● **Assignment**: Here the job is to repeat the listing exactly, but not the pictures in it.

◆ ◆ ◆

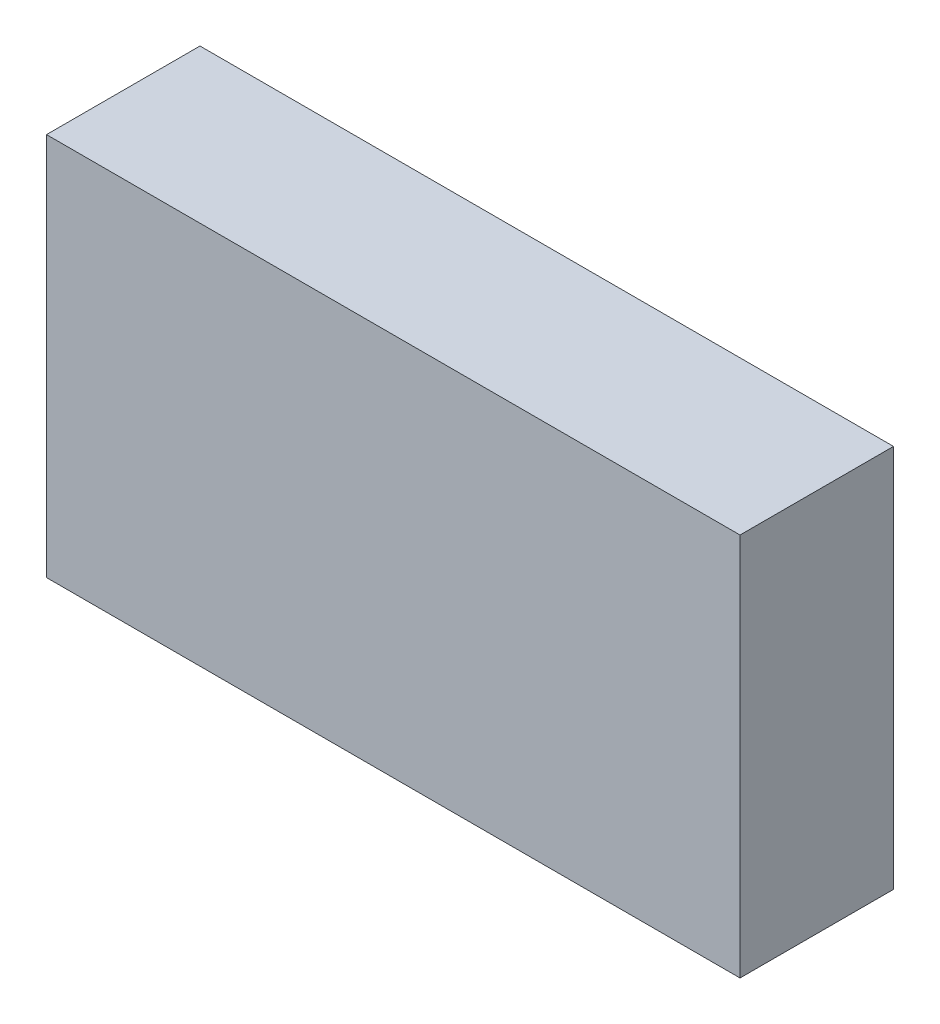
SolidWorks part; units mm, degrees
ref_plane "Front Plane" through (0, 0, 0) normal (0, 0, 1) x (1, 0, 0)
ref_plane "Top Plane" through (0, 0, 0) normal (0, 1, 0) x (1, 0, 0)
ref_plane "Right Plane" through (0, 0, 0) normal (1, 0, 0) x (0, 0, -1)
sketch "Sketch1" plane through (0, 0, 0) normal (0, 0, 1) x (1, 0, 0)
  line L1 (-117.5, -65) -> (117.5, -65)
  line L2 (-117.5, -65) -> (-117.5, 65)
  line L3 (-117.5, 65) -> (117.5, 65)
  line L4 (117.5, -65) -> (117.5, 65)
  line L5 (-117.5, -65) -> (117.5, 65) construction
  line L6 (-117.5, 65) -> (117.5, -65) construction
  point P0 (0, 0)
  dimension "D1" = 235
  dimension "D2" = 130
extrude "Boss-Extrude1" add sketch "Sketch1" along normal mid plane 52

◆ ◆ ◆

● **Reply to the exercise**:
SolidWorks part; units mm, degrees
ref_plane "Front Plane" through (0, 0, 0) normal (0, 0, 1) x (1, 0, 0)
ref_plane "Top Plane" through (0, 0, 0) normal (0, 1, 0) x (1, 0, 0)
ref_plane "Right Plane" through (0, 0, 0) normal (1, 0, 0) x (0, 0, -1)
sketch "Sketch1" plane through (0, 0, 0) normal (0, 0, 1) x (1, 0, 0)
  line L1 (-117.5, -65) -> (117.5, -65)
  line L2 (-117.5, -65) -> (-117.5, 65)
  line L3 (-117.5, 65) -> (117.5, 65)
  line L4 (117.5, -65) -> (117.5, 65)
  line L5 (-117.5, -65) -> (117.5, 65) construction
  line L6 (-117.5, 65) -> (117.5, -65) construction
  point P0 (0, 0)
  dimension "D1" = 235
  dimension "D2" = 130
extrude "Boss-Extrude1" add sketch "Sketch1" along normal mid plane 52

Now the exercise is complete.